Gillies’ and Humphrey’s effort to develop a new method of drug delivery epitomizes the

interdisciplinary and highly collaborative nature of much groundbreaking work in engineering and the medical sciences. Gillies and Humphrey themselves hold joint appointments. Gillies is a member of the biomedical engineering and the mechanical and aerospace engineering departments at U.Va., and the Department of Neurosurgery at VCU. Humphrey, who chairs mechanical and aerospace engineering, also has an appointment in biology at U.Va.

Their work is being advanced by contributions from researchers at a series of academic and private institutions. They include several colleagues of Broaddus at VCU, faculty members from the University of Minnesota, the University of Toronto and the University of California at Davis, and scientists from NexGen Medical Systems Inc. and elsewhere in industry.

The project also has attracted significant student participation. Over 20 undergraduates have completed senior theses on issues related to catheters, and Gillies and Humphrey both have supported graduate students to assist with the research. “This experience produces students with a very unique set of skills,” Humphrey points out. “They are people who can solve mechanical problems and think in biological and clinical terms.”
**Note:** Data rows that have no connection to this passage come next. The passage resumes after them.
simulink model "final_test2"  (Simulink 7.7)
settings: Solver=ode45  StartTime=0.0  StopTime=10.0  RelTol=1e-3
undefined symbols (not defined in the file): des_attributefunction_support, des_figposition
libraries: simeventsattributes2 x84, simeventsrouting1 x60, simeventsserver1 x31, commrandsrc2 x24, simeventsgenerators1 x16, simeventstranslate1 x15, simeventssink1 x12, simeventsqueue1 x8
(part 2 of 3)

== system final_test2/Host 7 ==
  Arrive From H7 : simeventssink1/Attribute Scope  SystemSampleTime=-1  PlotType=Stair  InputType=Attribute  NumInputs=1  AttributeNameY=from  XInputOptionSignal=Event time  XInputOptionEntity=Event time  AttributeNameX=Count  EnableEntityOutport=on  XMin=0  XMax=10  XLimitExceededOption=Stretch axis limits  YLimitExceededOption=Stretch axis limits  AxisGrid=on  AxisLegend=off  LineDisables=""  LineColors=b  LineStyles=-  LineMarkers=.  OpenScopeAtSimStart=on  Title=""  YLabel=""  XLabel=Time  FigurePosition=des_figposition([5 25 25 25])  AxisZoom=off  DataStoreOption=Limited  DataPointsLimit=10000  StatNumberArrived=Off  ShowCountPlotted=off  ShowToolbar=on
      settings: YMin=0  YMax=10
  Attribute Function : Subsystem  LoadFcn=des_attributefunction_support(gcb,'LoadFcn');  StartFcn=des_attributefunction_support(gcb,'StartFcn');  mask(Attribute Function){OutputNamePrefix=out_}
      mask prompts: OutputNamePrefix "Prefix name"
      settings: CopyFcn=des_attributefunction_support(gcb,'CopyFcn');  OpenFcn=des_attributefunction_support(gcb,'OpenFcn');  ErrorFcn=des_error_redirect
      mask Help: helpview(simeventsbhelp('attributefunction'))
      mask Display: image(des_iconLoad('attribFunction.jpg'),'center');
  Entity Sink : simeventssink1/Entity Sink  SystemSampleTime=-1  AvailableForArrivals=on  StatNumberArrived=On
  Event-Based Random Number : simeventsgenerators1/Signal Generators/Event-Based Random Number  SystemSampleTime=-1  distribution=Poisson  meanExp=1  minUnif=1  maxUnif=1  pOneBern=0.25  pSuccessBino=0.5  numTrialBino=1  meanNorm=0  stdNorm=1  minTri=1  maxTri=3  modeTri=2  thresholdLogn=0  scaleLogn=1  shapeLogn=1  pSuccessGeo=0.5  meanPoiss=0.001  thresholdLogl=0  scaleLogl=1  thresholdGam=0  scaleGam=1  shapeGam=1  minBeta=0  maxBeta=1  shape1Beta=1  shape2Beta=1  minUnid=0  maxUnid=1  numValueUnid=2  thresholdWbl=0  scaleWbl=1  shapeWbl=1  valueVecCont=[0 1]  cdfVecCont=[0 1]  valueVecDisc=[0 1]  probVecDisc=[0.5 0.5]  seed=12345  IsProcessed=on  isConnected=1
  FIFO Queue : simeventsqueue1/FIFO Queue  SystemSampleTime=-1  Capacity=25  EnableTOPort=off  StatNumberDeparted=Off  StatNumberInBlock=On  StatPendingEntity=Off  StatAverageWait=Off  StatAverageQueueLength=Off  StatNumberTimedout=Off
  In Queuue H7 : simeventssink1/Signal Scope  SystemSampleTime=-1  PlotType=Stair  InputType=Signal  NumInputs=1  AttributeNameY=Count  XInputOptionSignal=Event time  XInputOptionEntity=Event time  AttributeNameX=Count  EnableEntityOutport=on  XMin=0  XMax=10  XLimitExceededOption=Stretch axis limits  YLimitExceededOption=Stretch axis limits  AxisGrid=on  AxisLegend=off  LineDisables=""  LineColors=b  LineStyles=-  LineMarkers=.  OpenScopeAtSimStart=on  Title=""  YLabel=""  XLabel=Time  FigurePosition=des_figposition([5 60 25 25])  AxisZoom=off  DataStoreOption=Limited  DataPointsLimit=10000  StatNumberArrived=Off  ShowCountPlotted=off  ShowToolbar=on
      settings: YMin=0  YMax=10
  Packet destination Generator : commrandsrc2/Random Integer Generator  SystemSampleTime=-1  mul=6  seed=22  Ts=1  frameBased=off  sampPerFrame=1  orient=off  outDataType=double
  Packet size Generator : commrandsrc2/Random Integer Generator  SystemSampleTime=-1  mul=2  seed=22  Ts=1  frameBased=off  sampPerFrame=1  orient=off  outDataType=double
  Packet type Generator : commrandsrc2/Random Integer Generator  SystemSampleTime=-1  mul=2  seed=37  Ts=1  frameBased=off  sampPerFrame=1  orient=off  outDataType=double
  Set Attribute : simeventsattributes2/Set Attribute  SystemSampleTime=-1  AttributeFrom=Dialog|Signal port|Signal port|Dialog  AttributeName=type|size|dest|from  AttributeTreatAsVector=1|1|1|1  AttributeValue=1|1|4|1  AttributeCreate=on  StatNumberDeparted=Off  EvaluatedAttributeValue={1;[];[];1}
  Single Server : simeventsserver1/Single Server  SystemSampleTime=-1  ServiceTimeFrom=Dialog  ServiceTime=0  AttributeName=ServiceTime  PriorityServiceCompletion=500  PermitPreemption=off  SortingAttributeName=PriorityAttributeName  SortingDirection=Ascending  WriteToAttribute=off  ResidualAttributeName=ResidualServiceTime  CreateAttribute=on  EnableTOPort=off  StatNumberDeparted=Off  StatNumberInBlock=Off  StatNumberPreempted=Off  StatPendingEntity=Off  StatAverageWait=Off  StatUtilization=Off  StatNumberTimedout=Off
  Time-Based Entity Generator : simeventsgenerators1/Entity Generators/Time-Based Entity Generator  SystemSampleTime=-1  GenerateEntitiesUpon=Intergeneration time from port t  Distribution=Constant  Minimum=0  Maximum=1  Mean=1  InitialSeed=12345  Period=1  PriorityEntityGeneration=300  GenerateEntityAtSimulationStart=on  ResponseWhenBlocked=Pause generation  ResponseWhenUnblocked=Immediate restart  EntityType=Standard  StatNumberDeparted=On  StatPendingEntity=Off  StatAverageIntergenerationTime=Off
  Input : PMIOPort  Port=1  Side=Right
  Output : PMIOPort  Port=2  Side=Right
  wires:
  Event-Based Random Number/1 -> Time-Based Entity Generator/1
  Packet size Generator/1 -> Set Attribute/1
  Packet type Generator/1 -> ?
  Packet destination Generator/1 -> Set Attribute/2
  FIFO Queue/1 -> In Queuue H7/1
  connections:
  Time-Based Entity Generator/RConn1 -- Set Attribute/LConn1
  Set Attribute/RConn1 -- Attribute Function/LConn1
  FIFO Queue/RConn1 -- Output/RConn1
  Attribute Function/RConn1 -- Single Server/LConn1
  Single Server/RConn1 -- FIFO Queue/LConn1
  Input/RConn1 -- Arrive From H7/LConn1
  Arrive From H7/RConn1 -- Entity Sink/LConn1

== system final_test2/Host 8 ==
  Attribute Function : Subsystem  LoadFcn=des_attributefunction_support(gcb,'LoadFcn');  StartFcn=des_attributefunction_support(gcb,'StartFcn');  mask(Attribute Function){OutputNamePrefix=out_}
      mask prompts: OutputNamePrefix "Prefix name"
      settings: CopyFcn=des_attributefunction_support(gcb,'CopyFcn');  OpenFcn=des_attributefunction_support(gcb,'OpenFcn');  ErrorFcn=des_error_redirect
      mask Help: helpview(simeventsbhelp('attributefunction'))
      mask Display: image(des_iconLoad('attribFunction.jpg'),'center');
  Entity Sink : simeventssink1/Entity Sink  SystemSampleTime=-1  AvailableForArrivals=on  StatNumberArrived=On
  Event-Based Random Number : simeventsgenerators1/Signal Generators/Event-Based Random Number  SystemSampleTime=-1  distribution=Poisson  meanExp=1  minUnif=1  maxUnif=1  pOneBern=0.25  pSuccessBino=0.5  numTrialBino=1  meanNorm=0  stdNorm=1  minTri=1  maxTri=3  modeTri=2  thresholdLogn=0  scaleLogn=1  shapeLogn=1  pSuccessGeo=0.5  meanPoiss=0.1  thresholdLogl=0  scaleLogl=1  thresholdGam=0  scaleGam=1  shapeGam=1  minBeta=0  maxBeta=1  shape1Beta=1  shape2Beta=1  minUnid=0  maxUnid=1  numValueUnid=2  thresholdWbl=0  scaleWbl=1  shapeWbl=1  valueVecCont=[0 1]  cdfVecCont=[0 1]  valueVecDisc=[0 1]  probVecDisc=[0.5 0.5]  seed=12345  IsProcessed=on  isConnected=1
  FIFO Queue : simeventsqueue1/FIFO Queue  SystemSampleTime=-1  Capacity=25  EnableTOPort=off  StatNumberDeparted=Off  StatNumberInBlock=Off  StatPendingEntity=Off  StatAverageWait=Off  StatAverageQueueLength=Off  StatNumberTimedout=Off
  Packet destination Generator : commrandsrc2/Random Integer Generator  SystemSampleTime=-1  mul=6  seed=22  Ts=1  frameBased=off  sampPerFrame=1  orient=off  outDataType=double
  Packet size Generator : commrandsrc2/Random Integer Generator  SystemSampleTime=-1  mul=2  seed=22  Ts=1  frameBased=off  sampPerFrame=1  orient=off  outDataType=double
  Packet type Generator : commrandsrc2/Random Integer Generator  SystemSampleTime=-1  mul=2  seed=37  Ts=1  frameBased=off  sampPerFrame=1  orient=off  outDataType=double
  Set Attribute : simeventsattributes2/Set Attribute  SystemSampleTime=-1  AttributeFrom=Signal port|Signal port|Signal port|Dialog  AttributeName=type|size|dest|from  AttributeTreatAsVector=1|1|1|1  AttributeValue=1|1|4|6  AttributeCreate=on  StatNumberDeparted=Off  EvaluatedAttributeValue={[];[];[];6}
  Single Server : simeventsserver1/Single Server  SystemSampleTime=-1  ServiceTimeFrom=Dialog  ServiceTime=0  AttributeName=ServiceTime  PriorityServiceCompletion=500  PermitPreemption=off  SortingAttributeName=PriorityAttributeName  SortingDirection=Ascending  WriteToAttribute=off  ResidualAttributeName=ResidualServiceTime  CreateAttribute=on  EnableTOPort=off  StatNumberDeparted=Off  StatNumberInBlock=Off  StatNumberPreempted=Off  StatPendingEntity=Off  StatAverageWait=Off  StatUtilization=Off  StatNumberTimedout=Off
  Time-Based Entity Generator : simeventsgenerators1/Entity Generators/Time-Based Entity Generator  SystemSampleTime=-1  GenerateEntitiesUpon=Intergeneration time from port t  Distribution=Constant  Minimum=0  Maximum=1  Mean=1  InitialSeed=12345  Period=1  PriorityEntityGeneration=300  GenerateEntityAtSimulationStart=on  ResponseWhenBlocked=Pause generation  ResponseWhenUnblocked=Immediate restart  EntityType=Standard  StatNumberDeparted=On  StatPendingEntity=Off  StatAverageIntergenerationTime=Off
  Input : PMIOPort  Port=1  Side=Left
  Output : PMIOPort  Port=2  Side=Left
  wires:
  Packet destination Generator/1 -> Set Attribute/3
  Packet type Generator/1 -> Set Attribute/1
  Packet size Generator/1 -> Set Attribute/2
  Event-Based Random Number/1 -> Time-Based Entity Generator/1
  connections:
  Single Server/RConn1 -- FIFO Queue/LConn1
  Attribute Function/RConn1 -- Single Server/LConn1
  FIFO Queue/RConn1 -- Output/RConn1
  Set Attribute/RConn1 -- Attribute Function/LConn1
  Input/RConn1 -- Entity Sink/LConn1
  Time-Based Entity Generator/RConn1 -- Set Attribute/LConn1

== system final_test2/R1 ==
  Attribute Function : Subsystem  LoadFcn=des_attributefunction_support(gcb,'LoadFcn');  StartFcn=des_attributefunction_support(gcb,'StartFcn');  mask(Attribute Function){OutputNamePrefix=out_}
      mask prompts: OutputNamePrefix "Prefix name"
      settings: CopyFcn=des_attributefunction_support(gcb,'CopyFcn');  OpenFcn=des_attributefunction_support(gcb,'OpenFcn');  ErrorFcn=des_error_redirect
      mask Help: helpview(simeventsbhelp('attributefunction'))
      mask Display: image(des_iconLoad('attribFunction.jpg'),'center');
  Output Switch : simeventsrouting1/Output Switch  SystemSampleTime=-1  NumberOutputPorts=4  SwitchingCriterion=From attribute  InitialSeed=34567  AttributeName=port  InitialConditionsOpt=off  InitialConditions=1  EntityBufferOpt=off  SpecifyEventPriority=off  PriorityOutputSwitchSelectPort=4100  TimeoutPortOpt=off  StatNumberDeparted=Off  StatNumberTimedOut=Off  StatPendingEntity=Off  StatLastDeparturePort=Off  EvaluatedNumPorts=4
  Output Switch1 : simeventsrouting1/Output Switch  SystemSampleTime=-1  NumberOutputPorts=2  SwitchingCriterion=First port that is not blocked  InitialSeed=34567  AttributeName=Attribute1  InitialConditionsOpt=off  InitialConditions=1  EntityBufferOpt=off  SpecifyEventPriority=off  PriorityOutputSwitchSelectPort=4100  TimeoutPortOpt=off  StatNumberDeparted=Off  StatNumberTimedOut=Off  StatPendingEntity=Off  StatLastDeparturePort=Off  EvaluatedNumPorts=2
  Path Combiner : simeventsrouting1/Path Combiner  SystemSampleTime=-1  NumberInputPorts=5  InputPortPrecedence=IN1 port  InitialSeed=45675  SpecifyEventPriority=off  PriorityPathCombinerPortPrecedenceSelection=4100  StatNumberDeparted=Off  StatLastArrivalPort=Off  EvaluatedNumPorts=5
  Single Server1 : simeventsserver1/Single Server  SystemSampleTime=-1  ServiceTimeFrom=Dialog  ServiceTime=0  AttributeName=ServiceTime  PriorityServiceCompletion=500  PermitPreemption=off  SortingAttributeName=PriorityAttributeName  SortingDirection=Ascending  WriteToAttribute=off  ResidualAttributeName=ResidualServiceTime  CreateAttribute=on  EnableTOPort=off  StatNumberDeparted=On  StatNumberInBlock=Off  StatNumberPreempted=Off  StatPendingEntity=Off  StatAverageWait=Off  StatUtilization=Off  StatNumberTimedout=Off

While treating GBM is currently an important motivator of their research, the catheter designs they develop may also permit the delivery of cell therapies and gene vectors for neurodegenerative diseases such as Parkinson’s and Alzheimer’s, as well as the treatment of diabetic lesions elsewhere in the body. “In essence, we’re working to expand the options available to interventional radiologists, vascular surgeons and neurosurgeons,” Gillies says. “And in the process, we hope to save lives.”

The research seeks to optimize the flow patterns inside perfusion sleeve catheters, a general type of which is shown here in a cross-sectional view. The purple regions represent a clotted thrombus on the inside wall of the blood vessel. The catheter is inserted into the blood vessel and the tip is extended a short distance past the thrombus. A balloon is inflated outward from the catheter wall, forming a loose seal against the thrombus, thus blocking the flow of blood past it. However, internal channels within the catheter allow the bloodstream (red arrows) to bypass the blocked area and then re-emerge from the catheter near the tip. This keeps tissues downstream from the thrombus oxygenated. Meanwhile, a separate set of internal channels allows a therapeutic agent (blue arrows) to flow through the catheter and exit directly onto the thrombus, bathing it fully and accelerating its break-up. The work now under way seeks to use sophisticated fluid dynamical analysis and experiments to model the flows and thereby give biomedical engineers new tools for designing these types of perfusion sleeve catheters.